5 ESSENTIAL DO’S AND DON’TS FOR HAVING PRODUCTIVE ARGUMENTS
Every couple fight and have an argument, but not every fight has to be the finish of a relationship.
It’s inevitable that couples will argue and fight in a relationship is completely normal and expected.
Arguments happen in every relationship, even in the best ones, but how you argue is that matters.
In long-lasting, happy, and healthy relationships, both partners can use certain strategies to fight properly so they can disagree or express dissatisfaction or even get actually mad without hurting each other.
If your arguments or fights makes you or your partner feeling emotionally battered, bad about yourself, misunderstood, or resentful, then the way you are fighting could hurt your chances of staying together.
In this article, Shivani Misri Sadhoo who is Delhi’s best Marriage Counsellor talks about 5 essential do’s and don’ts for having productive arguments (and a long, happy relationship).
Phrase Your Dissatisfaction As A Complaint Not As A Contempt Or Criticism
When you make a complaint, you describe a certain behavior that you did not like, what you thought it meant, and how it made you feel. Then, you tell what you wish they would do instead.
It is not an assassination of character or an accusation. A complaint paves a way for a conversation about something that disturbed you. It leaves scope for the possibility that your interpretation was wrong and lets the other person clarify what they intended.
Here is an example when complaining: When you looked away from me while I was narrating you a story, I felt like you were not interested, and you thought I was irritating. I wish you had not suddenly look away and done other things while I am talking to you.
The receiver of these words could feel like their attention and opinions are essential.
Now an example of a criticism: You are so irritating when you turn away while I am talking.
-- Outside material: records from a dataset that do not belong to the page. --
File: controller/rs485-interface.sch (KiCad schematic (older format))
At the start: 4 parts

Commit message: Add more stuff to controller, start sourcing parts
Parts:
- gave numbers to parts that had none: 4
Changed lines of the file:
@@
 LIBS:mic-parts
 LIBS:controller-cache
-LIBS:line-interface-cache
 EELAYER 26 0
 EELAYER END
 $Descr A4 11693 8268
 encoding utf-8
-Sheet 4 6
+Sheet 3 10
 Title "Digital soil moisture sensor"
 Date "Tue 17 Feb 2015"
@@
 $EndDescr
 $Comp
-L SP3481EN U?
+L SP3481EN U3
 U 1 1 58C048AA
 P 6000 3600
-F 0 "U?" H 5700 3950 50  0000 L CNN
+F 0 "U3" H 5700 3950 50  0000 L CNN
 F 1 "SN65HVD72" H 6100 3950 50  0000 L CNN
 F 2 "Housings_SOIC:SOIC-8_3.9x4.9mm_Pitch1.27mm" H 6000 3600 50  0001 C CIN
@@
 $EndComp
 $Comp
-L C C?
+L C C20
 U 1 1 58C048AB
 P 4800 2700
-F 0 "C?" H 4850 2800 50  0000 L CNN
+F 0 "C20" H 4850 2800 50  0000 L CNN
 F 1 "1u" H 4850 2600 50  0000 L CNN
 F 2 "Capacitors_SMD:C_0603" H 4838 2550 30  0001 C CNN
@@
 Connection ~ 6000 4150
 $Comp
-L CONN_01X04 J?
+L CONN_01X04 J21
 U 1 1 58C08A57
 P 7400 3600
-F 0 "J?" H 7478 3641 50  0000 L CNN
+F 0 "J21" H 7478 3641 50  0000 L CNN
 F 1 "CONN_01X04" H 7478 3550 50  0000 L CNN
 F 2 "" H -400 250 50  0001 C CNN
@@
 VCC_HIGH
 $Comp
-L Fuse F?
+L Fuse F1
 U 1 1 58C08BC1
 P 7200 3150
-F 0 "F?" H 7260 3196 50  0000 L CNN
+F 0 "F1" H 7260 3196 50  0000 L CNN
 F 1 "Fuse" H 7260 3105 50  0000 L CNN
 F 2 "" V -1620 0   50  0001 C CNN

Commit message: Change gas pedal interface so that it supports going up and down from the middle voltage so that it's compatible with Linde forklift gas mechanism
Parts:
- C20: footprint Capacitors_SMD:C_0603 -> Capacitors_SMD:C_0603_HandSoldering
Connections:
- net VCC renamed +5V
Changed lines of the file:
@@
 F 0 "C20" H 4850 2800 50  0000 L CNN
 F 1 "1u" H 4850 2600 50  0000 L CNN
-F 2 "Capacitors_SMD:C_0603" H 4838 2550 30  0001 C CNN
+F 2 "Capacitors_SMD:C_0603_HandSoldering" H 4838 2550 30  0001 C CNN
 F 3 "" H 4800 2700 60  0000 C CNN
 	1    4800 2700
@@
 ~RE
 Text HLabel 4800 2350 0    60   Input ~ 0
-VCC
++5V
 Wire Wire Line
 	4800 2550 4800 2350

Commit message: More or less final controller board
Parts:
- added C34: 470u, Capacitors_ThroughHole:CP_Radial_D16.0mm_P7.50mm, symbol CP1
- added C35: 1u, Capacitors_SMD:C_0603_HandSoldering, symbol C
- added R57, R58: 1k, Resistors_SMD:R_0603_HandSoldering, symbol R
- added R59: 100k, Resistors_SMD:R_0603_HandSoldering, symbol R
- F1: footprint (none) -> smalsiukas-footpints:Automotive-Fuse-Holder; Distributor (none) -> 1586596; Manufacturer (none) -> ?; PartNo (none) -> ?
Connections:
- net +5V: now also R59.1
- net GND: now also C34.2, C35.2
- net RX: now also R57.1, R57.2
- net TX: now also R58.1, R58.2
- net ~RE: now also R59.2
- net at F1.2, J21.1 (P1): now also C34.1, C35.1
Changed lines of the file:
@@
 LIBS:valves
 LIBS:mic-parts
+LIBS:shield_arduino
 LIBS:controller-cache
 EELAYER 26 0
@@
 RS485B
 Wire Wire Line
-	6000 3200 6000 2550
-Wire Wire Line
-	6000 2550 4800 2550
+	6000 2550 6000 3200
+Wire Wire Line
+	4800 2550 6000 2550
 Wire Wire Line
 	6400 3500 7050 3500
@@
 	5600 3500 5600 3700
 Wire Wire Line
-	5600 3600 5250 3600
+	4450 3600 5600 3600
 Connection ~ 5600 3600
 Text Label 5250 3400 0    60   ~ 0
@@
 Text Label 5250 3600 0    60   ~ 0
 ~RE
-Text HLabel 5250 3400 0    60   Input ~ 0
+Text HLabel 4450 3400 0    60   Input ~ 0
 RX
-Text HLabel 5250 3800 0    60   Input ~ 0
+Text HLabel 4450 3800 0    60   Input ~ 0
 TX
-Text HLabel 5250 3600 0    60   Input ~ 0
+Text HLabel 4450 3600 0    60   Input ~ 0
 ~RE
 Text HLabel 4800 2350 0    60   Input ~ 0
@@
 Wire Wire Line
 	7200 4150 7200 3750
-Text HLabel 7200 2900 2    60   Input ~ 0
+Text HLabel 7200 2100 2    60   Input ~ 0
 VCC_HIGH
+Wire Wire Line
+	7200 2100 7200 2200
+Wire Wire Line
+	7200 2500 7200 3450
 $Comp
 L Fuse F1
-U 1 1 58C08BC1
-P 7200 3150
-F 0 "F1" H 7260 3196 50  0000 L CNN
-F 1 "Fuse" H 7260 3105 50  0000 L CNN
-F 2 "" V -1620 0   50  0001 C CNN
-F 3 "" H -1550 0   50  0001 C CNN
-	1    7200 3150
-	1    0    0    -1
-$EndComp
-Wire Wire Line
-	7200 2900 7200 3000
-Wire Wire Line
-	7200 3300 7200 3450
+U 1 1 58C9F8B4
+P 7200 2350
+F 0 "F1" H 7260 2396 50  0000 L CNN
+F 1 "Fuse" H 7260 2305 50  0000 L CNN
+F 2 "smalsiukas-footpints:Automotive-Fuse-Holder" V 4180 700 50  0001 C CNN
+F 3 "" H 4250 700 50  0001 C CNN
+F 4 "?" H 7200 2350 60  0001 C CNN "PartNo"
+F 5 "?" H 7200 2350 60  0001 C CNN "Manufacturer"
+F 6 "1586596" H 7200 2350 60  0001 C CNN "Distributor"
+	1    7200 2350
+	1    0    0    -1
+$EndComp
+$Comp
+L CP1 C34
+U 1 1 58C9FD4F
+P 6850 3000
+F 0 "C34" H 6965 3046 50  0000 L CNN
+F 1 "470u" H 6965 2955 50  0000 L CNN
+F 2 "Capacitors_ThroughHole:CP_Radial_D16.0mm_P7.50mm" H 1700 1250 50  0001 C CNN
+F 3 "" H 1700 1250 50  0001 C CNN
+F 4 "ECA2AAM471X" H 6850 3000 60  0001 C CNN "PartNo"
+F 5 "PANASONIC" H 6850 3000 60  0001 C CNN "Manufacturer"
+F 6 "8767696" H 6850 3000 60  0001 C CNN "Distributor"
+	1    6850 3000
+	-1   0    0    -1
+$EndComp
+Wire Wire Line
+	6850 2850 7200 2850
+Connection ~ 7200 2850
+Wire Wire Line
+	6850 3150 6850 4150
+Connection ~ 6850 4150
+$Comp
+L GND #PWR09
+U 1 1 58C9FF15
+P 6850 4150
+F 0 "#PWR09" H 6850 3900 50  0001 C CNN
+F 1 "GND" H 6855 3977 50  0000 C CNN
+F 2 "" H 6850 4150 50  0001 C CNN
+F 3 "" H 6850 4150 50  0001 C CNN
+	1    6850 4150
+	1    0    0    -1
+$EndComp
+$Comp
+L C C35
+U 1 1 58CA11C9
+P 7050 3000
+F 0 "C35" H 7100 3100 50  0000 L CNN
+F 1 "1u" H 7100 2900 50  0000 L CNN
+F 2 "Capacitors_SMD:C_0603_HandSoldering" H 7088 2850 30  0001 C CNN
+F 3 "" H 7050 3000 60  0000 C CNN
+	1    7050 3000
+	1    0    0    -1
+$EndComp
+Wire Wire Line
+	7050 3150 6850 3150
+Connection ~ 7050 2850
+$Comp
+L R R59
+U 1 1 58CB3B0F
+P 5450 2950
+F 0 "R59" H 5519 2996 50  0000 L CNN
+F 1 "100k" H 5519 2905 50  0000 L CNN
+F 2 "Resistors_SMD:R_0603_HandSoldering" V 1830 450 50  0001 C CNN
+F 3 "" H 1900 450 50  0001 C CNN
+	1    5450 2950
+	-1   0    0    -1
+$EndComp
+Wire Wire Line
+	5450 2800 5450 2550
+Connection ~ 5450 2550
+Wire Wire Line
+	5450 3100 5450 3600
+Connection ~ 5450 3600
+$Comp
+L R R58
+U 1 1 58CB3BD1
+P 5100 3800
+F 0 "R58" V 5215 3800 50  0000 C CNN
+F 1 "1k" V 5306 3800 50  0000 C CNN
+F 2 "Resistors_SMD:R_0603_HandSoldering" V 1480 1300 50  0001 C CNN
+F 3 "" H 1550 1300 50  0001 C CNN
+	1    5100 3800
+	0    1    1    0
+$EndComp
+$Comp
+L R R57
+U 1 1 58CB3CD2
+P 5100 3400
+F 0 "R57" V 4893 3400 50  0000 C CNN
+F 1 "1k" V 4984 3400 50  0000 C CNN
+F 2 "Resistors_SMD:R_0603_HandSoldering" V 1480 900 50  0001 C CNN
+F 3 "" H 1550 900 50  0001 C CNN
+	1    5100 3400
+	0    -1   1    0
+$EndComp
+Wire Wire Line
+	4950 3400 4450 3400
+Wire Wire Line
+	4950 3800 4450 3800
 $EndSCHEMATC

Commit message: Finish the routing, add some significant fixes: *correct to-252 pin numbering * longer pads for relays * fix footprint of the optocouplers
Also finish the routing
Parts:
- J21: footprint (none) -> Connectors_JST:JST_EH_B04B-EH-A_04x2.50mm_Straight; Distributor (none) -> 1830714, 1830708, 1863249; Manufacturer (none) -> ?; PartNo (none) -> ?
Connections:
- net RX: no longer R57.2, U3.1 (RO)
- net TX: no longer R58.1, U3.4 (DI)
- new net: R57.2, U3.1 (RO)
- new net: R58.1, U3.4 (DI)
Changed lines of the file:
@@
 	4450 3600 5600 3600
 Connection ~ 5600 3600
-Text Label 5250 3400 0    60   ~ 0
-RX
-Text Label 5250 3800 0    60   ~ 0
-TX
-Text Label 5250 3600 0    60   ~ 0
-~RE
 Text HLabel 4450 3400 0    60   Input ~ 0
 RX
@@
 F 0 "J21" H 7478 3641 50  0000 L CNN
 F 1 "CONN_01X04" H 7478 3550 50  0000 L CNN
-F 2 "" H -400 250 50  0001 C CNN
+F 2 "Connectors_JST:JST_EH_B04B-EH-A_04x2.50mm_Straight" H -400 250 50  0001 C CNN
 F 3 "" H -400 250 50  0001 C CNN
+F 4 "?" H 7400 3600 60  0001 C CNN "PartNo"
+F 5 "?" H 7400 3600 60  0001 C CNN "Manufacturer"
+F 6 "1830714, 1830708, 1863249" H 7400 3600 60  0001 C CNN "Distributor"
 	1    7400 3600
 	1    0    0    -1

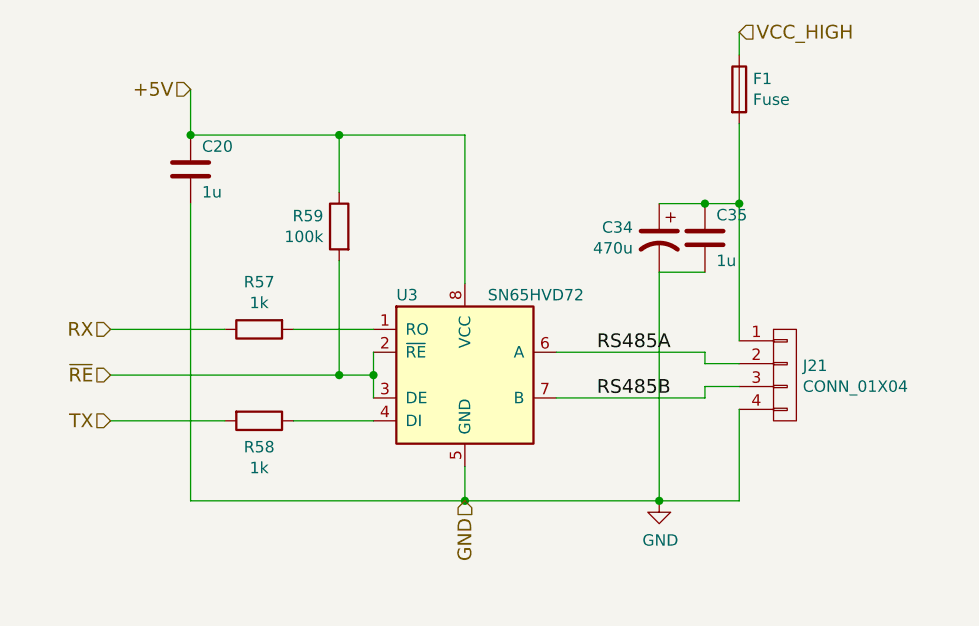
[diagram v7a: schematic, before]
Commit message: add comments with fixes I had to make
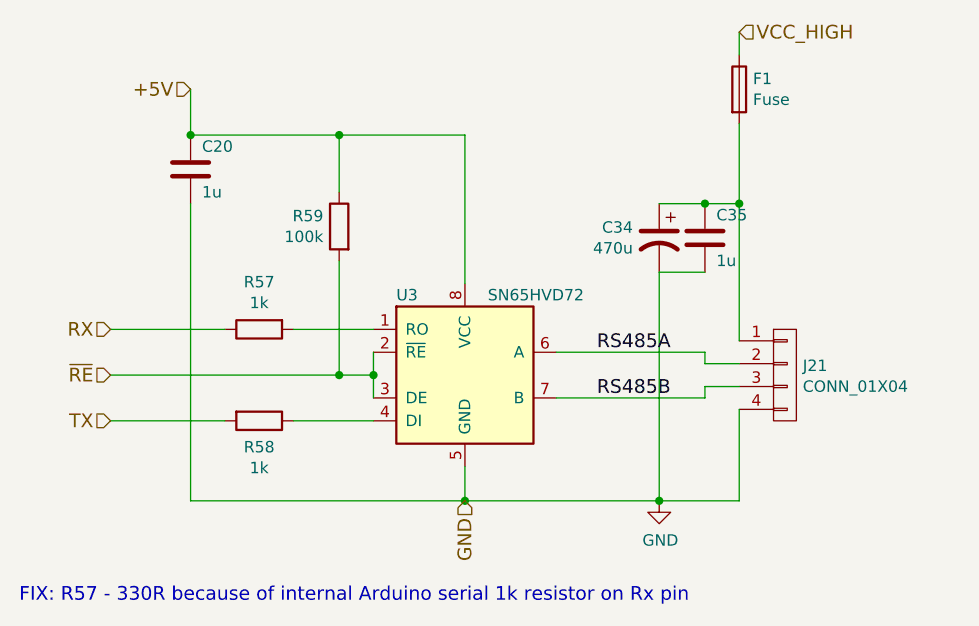
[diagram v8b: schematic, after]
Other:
- note added: "FIX: R57 - 330R because of internal Arduino serial 1k resistor on Rx pin"
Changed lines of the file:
@@
 Wire Wire Line
 	4950 3800 4450 3800
+Text Notes 4050 4600 0    60   ~ 0
+FIX: R57 - 330R because of internal Arduino serial 1k resistor on Rx pin
 $EndSCHEMATC

Calling your partner irritating is a character assassination because it is not talking about the behavior, it is talking about the person.
Example of contempt: I am tired to death of trying to communicate with you when you keep looking here and there. It is useless. The receiver of this sentence could feel hated, not valued.
Stick To Single, Specific Incident
Never bring in other similar past incidents as evidence of a character flaw or shortcoming. That is not a way of resolving a problem.
Rather, when you are arguing, try to restrict the discussion to just one specific incident. It is more likely to end well because the receiver of the complaint will still feel generally valued and not like he/she has been accused of having a fatal, repeating flaw.
Begin With Hearing And Validating, When Receiving A Complaint
Always begin with at least one compassionate sentence when receiving a complaint. An angry person requires their point to be heard before they can listen.
A successful plan is to show that you understand what the angry person is saying by repeating and validating what they told. You will be surprised how much it actually defuses anger and calms people down.
It does not mean that you agree that their interpretation is right. You still have the right to disagree with your partner’s point of view and present yourself fairly. But, if you want your story to listen as well, then show them you are listening first.
Do Not Criticize Or Demonstrate Contempt
Criticism and contempt are both a form of character assassinations. Criticism is milder, contempt is more hateful. Either of these communicates dislike, disrespect, and is a guaranteed descent into a damaging fight.
If you phrase something as criticism or contempt, it obviously elicits defensiveness or retaliation from your partner. And there is no rerouting that conversation could go in a positive direction.
Do Not Mock Or Impersonate Your Partner Sarcastically
Never ever do this. It absolutely never has a good outcome. And it will make you seem like the bad guy.
Though it may appear like venting off some steam or might seem good to you, it feels extremely disrespectful, ridiculing, and hurtful to your partner.
Mocking or sarcastically impersonating your partner in distress is considered to be the kind of contempt that is a huge predictor of a breakup.